Does the amendment to the Boulder Designs Franchise Agreement affect the termination rights of the franchisee in Washington?
Boulder_Designs Franchise · 2025 FDDAnswer from 2025 FDD Document
ARTICLE 17 - RIGHTS AND DUTIES UPON EXPIRATION OR TERMINATION
Section 17.1 Actions to be Taken
Except as otherwise provided herein, upon termination and non-renewal or expiration, this Agreement and all rights granted herein to Franchisee shall terminate and Franchisee shall:
i. immediately cease to operate the Franchised Business, shutter any office to the public, and shall not thereafter, directly or indirectly, represent to the public or hold itself out as a present or Former Franchisee of Franchisor;
ii. deliver to Franchisor, all information, including any contracts, e-mail transmissions, written memorandums, customer sheets, or any other written or electronic data regarding customer lists or marketing efforts;
iii. refrain from taking any action to reduce the goodwill of Franchisee's Customers or potential Customers, towards Franchisor, other Franchisees or any other aspect of the System;
iv. cease to use the Confidential Information, the System and the Marks including, without limitation, all signs, slogans, symbols, logos, advertising materials, stationery, forms and any other items which display or are associated with the Marks;
v. immediately take such action as may be necessary to cancel or assign to Franchisor, at Franchisor's option, any fictitious or assumed name or equivalent registration filed with state, city or county authorities which contains the name "Boulder Designs" or any other Mark, and Franchisee shall furnish Franchisor with evidence satisfactory to Franchisor of compliance with this obligation within five days after termination or expiration of this Agreement;
vi. pay all sums owing, after the Effective Date of Termination or Expiration of this Agreement through the date that Franchisee completes all post termination obligations required under this Agreement, to Franchisor, and any Affiliate, which may include, but not be limited to, all damages, liquidated damages, costs and expenses, unpaid Royalty Fees, Marketing Fee, Technology Fee, or any other amounts due to Franchisor or any Affiliate within five (5) days after Termination or expiration of this Agreement or the date on which Franchisee completes all post-termination obligations required under this Agreement, whichever occurs first;
Source: Item 22 — CONTRACTS (FDD page 50)
What This Means (2025 FDD)
Based on the 2025 Franchise Disclosure Document, the excerpts provided do not specify how amendments to the Boulder Designs Franchise Agreement might affect a franchisee's termination rights in Washington.

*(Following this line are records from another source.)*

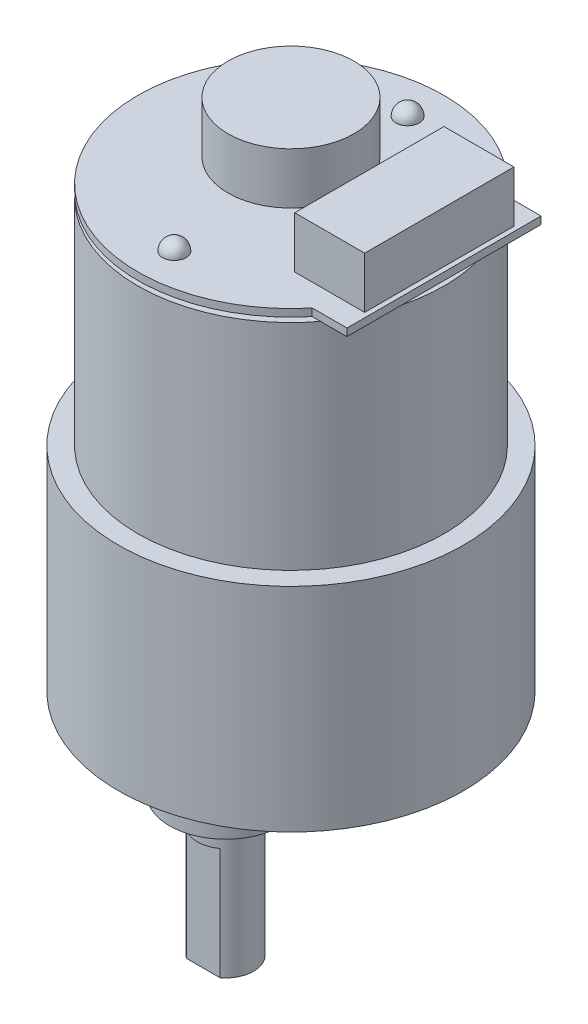
ISO-10303-21;
HEADER;
FILE_DESCRIPTION(('STEP AP214'),'2;1');
FILE_NAME('part.step','',(''),(''),'','','');
FILE_SCHEMA(('AUTOMOTIVE_DESIGN { 1 0 10303 214 1 1 1 1 }'));
ENDSEC;
DATA;
#1=APPLICATION_CONTEXT('core data for automotive mechanical design processes');
#2=APPLICATION_PROTOCOL_DEFINITION('international standard','automotive_design',2000,#1);
#3=PRODUCT_CONTEXT('',#1,'mechanical');
#4=PRODUCT('Part','Part','',(#3));
#5=PRODUCT_RELATED_PRODUCT_CATEGORY('part','',(#4));
#6=PRODUCT_DEFINITION_FORMATION('','',#4);
#7=PRODUCT_DEFINITION_CONTEXT('part definition',#1,'design');
#8=PRODUCT_DEFINITION('design','',#6,#7);
#9=PRODUCT_DEFINITION_SHAPE('','',#8);
#10=(LENGTH_UNIT() NAMED_UNIT(*) SI_UNIT(.MILLI.,.METRE.));
#11=(NAMED_UNIT(*) PLANE_ANGLE_UNIT() SI_UNIT($,.RADIAN.));
#12=(NAMED_UNIT(*) SI_UNIT($,.STERADIAN.) SOLID_ANGLE_UNIT());
#13=UNCERTAINTY_MEASURE_WITH_UNIT(LENGTH_MEASURE(1.E-05),#10,'distance_accuracy_value','');
#14=(GEOMETRIC_REPRESENTATION_CONTEXT(3) GLOBAL_UNCERTAINTY_ASSIGNED_CONTEXT((#13)) GLOBAL_UNIT_ASSIGNED_CONTEXT((#10,
#11,#12)) REPRESENTATION_CONTEXT('',''));
#15=CARTESIAN_POINT('',(0.,0.,0.));
#16=DIRECTION('',(0.,0.,1.));
#17=DIRECTION('',(1.,0.,0.));
#18=AXIS2_PLACEMENT_3D('',#15,#16,#17);
#19=CARTESIAN_POINT('',(0.,24.3,0.));
#20=DIRECTION('',(0.,-1.,0.));
#21=DIRECTION('',(0.,0.,-1.));
#22=AXIS2_PLACEMENT_3D('',#19,#20,#21);
#23=PLANE('',#22);
#24=CARTESIAN_POINT('',(0.,24.3,0.));
#25=DIRECTION('',(0.,1.,0.));
#26=DIRECTION('',(0.,0.,-1.));
#27=AXIS2_PLACEMENT_3D('',#24,#25,#26);
#28=CIRCLE('',#27,16.4);
#29=CARTESIAN_POINT('',(12.6806939873179,24.3,-10.4));
#30=VERTEX_POINT('',#29);
#31=CARTESIAN_POINT('',(12.6806939873179,24.3,10.4));
#32=VERTEX_POINT('',#31);
#33=EDGE_CURVE('E178',#30,#32,#28,.T.);
#34=ORIENTED_EDGE('',*,*,#33,.T.);
#35=DIRECTION('',(1.,0.,0.));
#36=VECTOR('',#35,1.);
#37=CARTESIAN_POINT('',(12.6806939873179,24.3,10.4));
#38=LINE('',#37,#36);
#39=CARTESIAN_POINT('',(16.4,24.3,10.4));
#40=VERTEX_POINT('',#39);
#41=EDGE_CURVE('E185',#32,#40,#38,.T.);
#42=ORIENTED_EDGE('',*,*,#41,.T.);
#43=DIRECTION('',(0.,0.,-1.));
#44=VECTOR('',#43,1.);
#45=CARTESIAN_POINT('',(16.4,24.3,10.4));
#46=LINE('',#45,#44);
#47=CARTESIAN_POINT('',(16.4,24.3,-10.4));
#48=VERTEX_POINT('',#47);
#49=EDGE_CURVE('E187',#40,#48,#46,.T.);
#50=ORIENTED_EDGE('',*,*,#49,.T.);
#51=DIRECTION('',(-1.,0.,0.));
#52=VECTOR('',#51,1.);
#53=CARTESIAN_POINT('',(16.4,24.3,-10.4));
#54=LINE('',#53,#52);
#55=EDGE_CURVE('E186',#48,#30,#54,.T.);
#56=ORIENTED_EDGE('',*,*,#55,.T.);
#57=EDGE_LOOP('',(#34,#42,#50,#56));
#58=FACE_BOUND('',#57,.T.);
#59=CARTESIAN_POINT('',(0.,24.3,-12.5));
#60=DIRECTION('',(0.,-1.,0.));
#61=DIRECTION('',(0.,0.,-1.));
#62=AXIS2_PLACEMENT_3D('',#59,#60,#61);
#63=CIRCLE('',#62,1.25);
#64=CARTESIAN_POINT('',(0.,24.3,-13.75));
#65=VERTEX_POINT('',#64);
#66=EDGE_CURVE('E242',#65,#65,#63,.F.);
#67=ORIENTED_EDGE('',*,*,#66,.F.);
#68=EDGE_LOOP('',(#67));
#69=FACE_BOUND('',#68,.T.);
#70=CARTESIAN_POINT('',(0.,24.3,12.5));
#71=DIRECTION('',(0.,-1.,0.));
#72=DIRECTION('',(0.,0.,-1.));
#73=AXIS2_PLACEMENT_3D('',#70,#71,#72);
#74=CIRCLE('',#73,1.25);
#75=CARTESIAN_POINT('',(0.,24.3,11.25));
#76=VERTEX_POINT('',#75);
#77=EDGE_CURVE('E53',#76,#76,#74,.F.);
#78=ORIENTED_EDGE('',*,*,#77,.F.);
#79=EDGE_LOOP('',(#78));
#80=FACE_BOUND('',#79,.T.);
#81=CARTESIAN_POINT('',(0.,24.3,0.));
#82=DIRECTION('',(0.,-1.,0.));
#83=DIRECTION('',(0.,0.,-1.));
#84=AXIS2_PLACEMENT_3D('',#81,#82,#83);
#85=CIRCLE('',#84,1.);
#86=CARTESIAN_POINT('',(0.,24.3,-1.));
#87=VERTEX_POINT('',#86);
#88=EDGE_CURVE('E11',#87,#87,#85,.F.);
#89=ORIENTED_EDGE('',*,*,#88,.F.);
#90=EDGE_LOOP('',(#89));
#91=FACE_BOUND('',#90,.T.);
#92=DIRECTION('',(-1.,0.,0.));
#93=VECTOR('',#92,1.);
#94=CARTESIAN_POINT('',(8.4,24.3,-8.));
#95=LINE('',#94,#93);
#96=CARTESIAN_POINT('',(15.9,24.3,-8.));
#97=VERTEX_POINT('',#96);
#98=CARTESIAN_POINT('',(8.4,24.3,-8.));
#99=VERTEX_POINT('',#98);
#100=EDGE_CURVE('E157',#97,#99,#95,.T.);
#101=ORIENTED_EDGE('',*,*,#100,.F.);
#102=DIRECTION('',(0.,0.,-1.));
#103=VECTOR('',#102,1.);
#104=CARTESIAN_POINT('',(15.9,24.3,-8.));
#105=LINE('',#104,#103);
#106=CARTESIAN_POINT('',(15.9,24.3,8.));
#107=VERTEX_POINT('',#106);
#108=EDGE_CURVE('E152',#107,#97,#105,.T.);
#109=ORIENTED_EDGE('',*,*,#108,.F.);
#110=DIRECTION('',(1.,0.,0.));
#111=VECTOR('',#110,1.);
#112=CARTESIAN_POINT('',(8.4,24.3,8.));
#113=LINE('',#112,#111);
#114=CARTESIAN_POINT('',(8.4,24.3,8.));
#115=VERTEX_POINT('',#114);
#116=EDGE_CURVE('E66',#115,#107,#113,.T.);
#117=ORIENTED_EDGE('',*,*,#116,.F.);
#118=DIRECTION('',(0.,0.,1.));
#119=VECTOR('',#118,1.);
#120=CARTESIAN_POINT('',(8.4,24.3,-8.));
#121=LINE('',#120,#119);
#122=EDGE_CURVE('E62',#99,#115,#121,.T.);
#123=ORIENTED_EDGE('',*,*,#122,.F.);
#124=EDGE_LOOP('',(#101,#109,#117,#123));
#125=FACE_BOUND('',#124,.T.);
#126=ADVANCED_FACE('F44',(#58,#69,#80,#91,#125),#23,.F.);
#127=CARTESIAN_POINT('',(0.,23.,0.));
#128=DIRECTION('',(0.,-1.,0.));
#129=DIRECTION('',(0.,0.,-1.));
#130=AXIS2_PLACEMENT_3D('',#127,#128,#129);
#131=CYLINDRICAL_SURFACE('',#130,16.4);
#132=CARTESIAN_POINT('',(0.,23.,0.));
#133=DIRECTION('',(0.,1.,0.));
#134=DIRECTION('',(0.,0.,1.));
#135=AXIS2_PLACEMENT_3D('',#132,#133,#134);
#136=CIRCLE('',#135,16.4);
#137=CARTESIAN_POINT('',(0.,23.,16.4));
#138=VERTEX_POINT('',#137);
#139=EDGE_CURVE('E289',#138,#138,#136,.T.);
#140=ORIENTED_EDGE('',*,*,#139,.F.);
#141=EDGE_LOOP('',(#140));
#142=FACE_BOUND('',#141,.T.);
#143=CARTESIAN_POINT('',(0.,0.,0.));
#144=DIRECTION('',(0.,1.,0.));
#145=DIRECTION('',(0.,0.,1.));
#146=AXIS2_PLACEMENT_3D('',#143,#144,#145);
#147=CIRCLE('',#146,16.4);
#148=CARTESIAN_POINT('',(0.,0.,16.4));
#149=VERTEX_POINT('',#148);
#150=EDGE_CURVE('E278',#149,#149,#147,.T.);
#151=ORIENTED_EDGE('',*,*,#150,.T.);
#152=EDGE_LOOP('',(#151));
#153=FACE_BOUND('',#152,.T.);
#154=ADVANCED_FACE('F50',(#142,#153),#131,.T.);
#155=CARTESIAN_POINT('',(0.,23.,0.));
#156=DIRECTION('',(0.,1.,0.));
#157=DIRECTION('',(0.,0.,1.));
#158=AXIS2_PLACEMENT_3D('',#155,#156,#157);
#159=PLANE('',#158);
#160=CARTESIAN_POINT('',(0.,23.,12.5));
#161=DIRECTION('',(0.,1.,0.));
#162=DIRECTION('',(0.,0.,1.));
#163=AXIS2_PLACEMENT_3D('',#160,#161,#162);
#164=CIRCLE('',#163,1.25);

While Item 22 generally discusses contract-related matters, including the company's right to reduce obligations under certain covenants and the severability of provisions, it does not directly address the impact of amendments on termination rights, particularly within the context of Washington state law.
Item 22 includes provisions about the franchisee's obligations upon termination, such as ceasing operations, delivering information to Boulder Designs, and refraining from actions that reduce goodwill. However, these stipulations outline the franchisee's responsibilities after termination, rather than detailing the conditions under which Boulder Designs can terminate the agreement or how amendments might alter those conditions.
To fully understand how amendments could affect termination rights in Washington, a prospective Boulder Designs franchisee should carefully review the specific language in the Franchise Agreement and any related addenda, paying close attention to clauses governing termination and amendment procedures. It would also be prudent to consult with a legal professional experienced in franchise law within Washington to assess the potential implications of these provisions.